Blood Cancer J. 2011 Aug;1(8):e32. doi: 10.1038/bcj.2011.32. Epub 2011 Aug 26.
The use of selective inhibitors targeting Bcr-Abl kinase is now established as a standard protocol in the treatment of chronic myelogenous leukemia; however, the acquisition of drug resistance is a major obstacle limiting the treatment efficacy. To elucidate the molecular mechanism of drug resistance, we established K562 cell line models resistant to nilotinib and imatinib. Microarray-based transcriptome profiling of resistant cells revealed that nilotinib- and imatinib-resistant cells showed the upregulation of kinase-encoding genes (AURKC, FYN, SYK, BTK and YES1). Among them, the upregulation of AURKC and FYN was observed both in nilotinib- and imatinib-resistant cells irrespective of exposure doses, while SYK, BTK and YES1 showed dose-dependent upregulation of expression. Upregulation of EGF and JAG1 oncogenes as well as genes encoding ATP-dependent drug efflux pump proteins such as ABCB1 was also observed in the resistant cells, which may confer alternative survival benefits. Functional gene set analysis revealed that molecular categories of 'ATPase activity', 'cell adhesion' or 'tyrosine kinase activity' were commonly activated in the resistant clones. Taken together, the transcriptome analysis of tyrosine kinase inhibitors (TKI)-resistant clones provides the insights into the mechanism of drug resistance, which can facilitate the development of an effective screening method as well as therapeutic intervention to deal with TKI resistance.

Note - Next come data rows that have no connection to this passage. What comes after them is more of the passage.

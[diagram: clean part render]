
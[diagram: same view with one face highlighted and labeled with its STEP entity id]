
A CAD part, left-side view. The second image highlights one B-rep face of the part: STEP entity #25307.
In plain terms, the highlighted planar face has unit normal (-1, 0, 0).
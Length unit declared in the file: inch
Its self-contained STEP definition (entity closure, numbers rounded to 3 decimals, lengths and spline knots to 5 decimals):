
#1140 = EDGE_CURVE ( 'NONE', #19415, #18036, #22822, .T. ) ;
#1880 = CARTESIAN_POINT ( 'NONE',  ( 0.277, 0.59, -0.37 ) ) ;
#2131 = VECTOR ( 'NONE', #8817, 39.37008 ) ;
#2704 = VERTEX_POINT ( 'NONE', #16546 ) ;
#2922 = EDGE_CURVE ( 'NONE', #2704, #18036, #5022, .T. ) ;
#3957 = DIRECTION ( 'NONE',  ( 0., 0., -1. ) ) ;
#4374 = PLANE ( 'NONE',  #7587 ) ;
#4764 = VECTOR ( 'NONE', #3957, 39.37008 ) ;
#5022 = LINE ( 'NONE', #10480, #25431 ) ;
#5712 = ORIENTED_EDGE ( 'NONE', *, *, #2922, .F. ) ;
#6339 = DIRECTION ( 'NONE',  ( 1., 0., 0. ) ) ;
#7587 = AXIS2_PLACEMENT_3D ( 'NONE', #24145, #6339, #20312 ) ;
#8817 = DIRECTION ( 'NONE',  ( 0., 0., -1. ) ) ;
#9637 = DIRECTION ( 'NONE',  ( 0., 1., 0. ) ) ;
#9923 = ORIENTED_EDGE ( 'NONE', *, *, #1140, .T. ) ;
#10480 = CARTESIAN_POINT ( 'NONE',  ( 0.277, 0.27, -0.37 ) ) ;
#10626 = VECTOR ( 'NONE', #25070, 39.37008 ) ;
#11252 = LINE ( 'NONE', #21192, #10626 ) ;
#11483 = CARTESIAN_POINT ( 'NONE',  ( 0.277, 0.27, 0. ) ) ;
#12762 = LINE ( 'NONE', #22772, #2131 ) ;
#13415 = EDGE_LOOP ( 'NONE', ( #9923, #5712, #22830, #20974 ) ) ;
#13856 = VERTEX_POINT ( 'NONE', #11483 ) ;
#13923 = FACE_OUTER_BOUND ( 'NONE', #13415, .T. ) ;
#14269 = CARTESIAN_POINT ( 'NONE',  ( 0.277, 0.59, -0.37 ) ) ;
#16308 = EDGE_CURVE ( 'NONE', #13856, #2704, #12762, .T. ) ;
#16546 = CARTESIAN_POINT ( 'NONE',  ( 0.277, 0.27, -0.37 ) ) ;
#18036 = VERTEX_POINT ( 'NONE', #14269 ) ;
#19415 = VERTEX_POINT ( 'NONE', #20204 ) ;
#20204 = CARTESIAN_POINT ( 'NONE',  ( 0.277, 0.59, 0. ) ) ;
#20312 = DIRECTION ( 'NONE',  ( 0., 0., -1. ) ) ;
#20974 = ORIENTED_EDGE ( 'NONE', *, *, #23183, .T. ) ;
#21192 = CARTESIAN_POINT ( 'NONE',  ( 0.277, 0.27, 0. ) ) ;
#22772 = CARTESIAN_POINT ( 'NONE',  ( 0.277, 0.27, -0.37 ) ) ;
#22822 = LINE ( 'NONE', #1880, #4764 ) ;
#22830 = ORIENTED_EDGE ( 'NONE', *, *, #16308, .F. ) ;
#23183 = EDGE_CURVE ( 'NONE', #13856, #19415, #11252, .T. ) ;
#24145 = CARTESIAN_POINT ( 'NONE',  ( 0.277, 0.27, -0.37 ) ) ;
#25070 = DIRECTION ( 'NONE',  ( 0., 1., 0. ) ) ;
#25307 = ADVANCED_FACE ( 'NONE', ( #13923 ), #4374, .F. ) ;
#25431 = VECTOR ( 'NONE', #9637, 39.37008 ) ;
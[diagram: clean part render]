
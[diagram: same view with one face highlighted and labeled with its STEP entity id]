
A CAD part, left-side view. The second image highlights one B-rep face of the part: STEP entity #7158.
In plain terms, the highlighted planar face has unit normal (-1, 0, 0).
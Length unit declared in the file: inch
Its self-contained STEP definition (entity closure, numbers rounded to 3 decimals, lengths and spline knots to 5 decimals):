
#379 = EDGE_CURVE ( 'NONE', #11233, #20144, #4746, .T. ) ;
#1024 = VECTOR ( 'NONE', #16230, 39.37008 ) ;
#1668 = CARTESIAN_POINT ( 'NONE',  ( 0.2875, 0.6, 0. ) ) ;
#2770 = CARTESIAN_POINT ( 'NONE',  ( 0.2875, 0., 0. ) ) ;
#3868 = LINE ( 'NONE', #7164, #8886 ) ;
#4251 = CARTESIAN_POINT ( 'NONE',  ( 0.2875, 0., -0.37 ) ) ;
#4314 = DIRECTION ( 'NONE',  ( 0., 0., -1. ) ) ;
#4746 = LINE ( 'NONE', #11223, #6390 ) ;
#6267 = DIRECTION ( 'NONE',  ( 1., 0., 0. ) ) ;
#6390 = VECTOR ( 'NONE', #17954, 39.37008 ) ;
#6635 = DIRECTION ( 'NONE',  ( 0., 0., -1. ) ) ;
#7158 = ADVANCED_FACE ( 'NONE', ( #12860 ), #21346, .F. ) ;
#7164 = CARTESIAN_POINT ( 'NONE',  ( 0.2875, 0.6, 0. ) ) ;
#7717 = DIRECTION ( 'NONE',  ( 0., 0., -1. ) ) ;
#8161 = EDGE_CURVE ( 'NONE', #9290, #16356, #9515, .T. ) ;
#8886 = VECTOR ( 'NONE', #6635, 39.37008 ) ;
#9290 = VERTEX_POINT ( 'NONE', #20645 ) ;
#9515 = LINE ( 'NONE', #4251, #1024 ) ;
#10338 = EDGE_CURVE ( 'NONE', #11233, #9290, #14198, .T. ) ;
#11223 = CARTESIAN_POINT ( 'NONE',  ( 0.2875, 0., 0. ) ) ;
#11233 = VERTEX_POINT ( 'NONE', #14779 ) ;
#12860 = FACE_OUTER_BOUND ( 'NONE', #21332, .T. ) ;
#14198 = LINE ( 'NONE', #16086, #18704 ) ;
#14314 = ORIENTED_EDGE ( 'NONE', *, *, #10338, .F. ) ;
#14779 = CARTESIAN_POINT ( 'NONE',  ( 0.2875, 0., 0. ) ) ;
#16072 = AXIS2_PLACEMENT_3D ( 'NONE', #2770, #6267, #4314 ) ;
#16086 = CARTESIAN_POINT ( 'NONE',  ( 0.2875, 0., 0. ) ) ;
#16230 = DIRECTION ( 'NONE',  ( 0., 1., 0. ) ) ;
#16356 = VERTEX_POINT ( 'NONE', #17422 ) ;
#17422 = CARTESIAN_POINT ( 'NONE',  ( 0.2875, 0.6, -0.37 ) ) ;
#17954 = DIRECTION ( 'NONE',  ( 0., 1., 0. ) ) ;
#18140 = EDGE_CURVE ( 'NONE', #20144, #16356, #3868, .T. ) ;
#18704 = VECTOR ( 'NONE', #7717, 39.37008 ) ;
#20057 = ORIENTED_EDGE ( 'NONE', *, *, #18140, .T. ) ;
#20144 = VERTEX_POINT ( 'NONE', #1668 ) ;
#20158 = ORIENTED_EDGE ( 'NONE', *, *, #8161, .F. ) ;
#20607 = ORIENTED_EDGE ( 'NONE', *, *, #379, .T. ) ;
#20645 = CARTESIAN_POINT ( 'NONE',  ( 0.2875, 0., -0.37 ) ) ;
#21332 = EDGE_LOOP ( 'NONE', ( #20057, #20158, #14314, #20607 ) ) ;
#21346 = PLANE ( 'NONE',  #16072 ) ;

针对 Bcr-Abl 激酶的选择性抑制剂的使用现已成为治疗慢性髓性白血病的标准方案;然而,获得耐药性是限制治疗效果的主要障碍。为了阐明耐药性的分子机制,我们建立了对尼罗替尼和伊马替尼耐药的 K562 细胞系模型。耐药细胞的基于微阵列的转录组谱分析显示,尼罗替尼和伊马替尼耐药细胞上调了编码激酶的基因(AURKC、FYN、SYK、BTK 和 YES1)。其中,AURKC 和 FYN 的上调在无论暴露剂量如何,在尼罗替尼和伊马替尼耐药细胞中均观察到,而 SYK、BTK 和 YES1 的表达则呈剂量依赖性上调。耐药细胞中还观察到 EGF 和 JAG1 癌基因以及编码 ATP 依赖性药物外排泵蛋白的基因(如 ABCB1)的上调,这可能赋予了替代的生存优势。功能基因集分析显示,“ATP 酶活性”、“细胞黏附”或“酪氨酸激酶活性”等分子类别在耐药克隆中普遍被激活。总之,对酪氨酸激酶抑制剂(TKI)耐药克隆的转录组分析提供了对耐药机制的深入了解,这有助于开发有效的筛选方法以及治疗干预措施来应对 TKI 耐药性。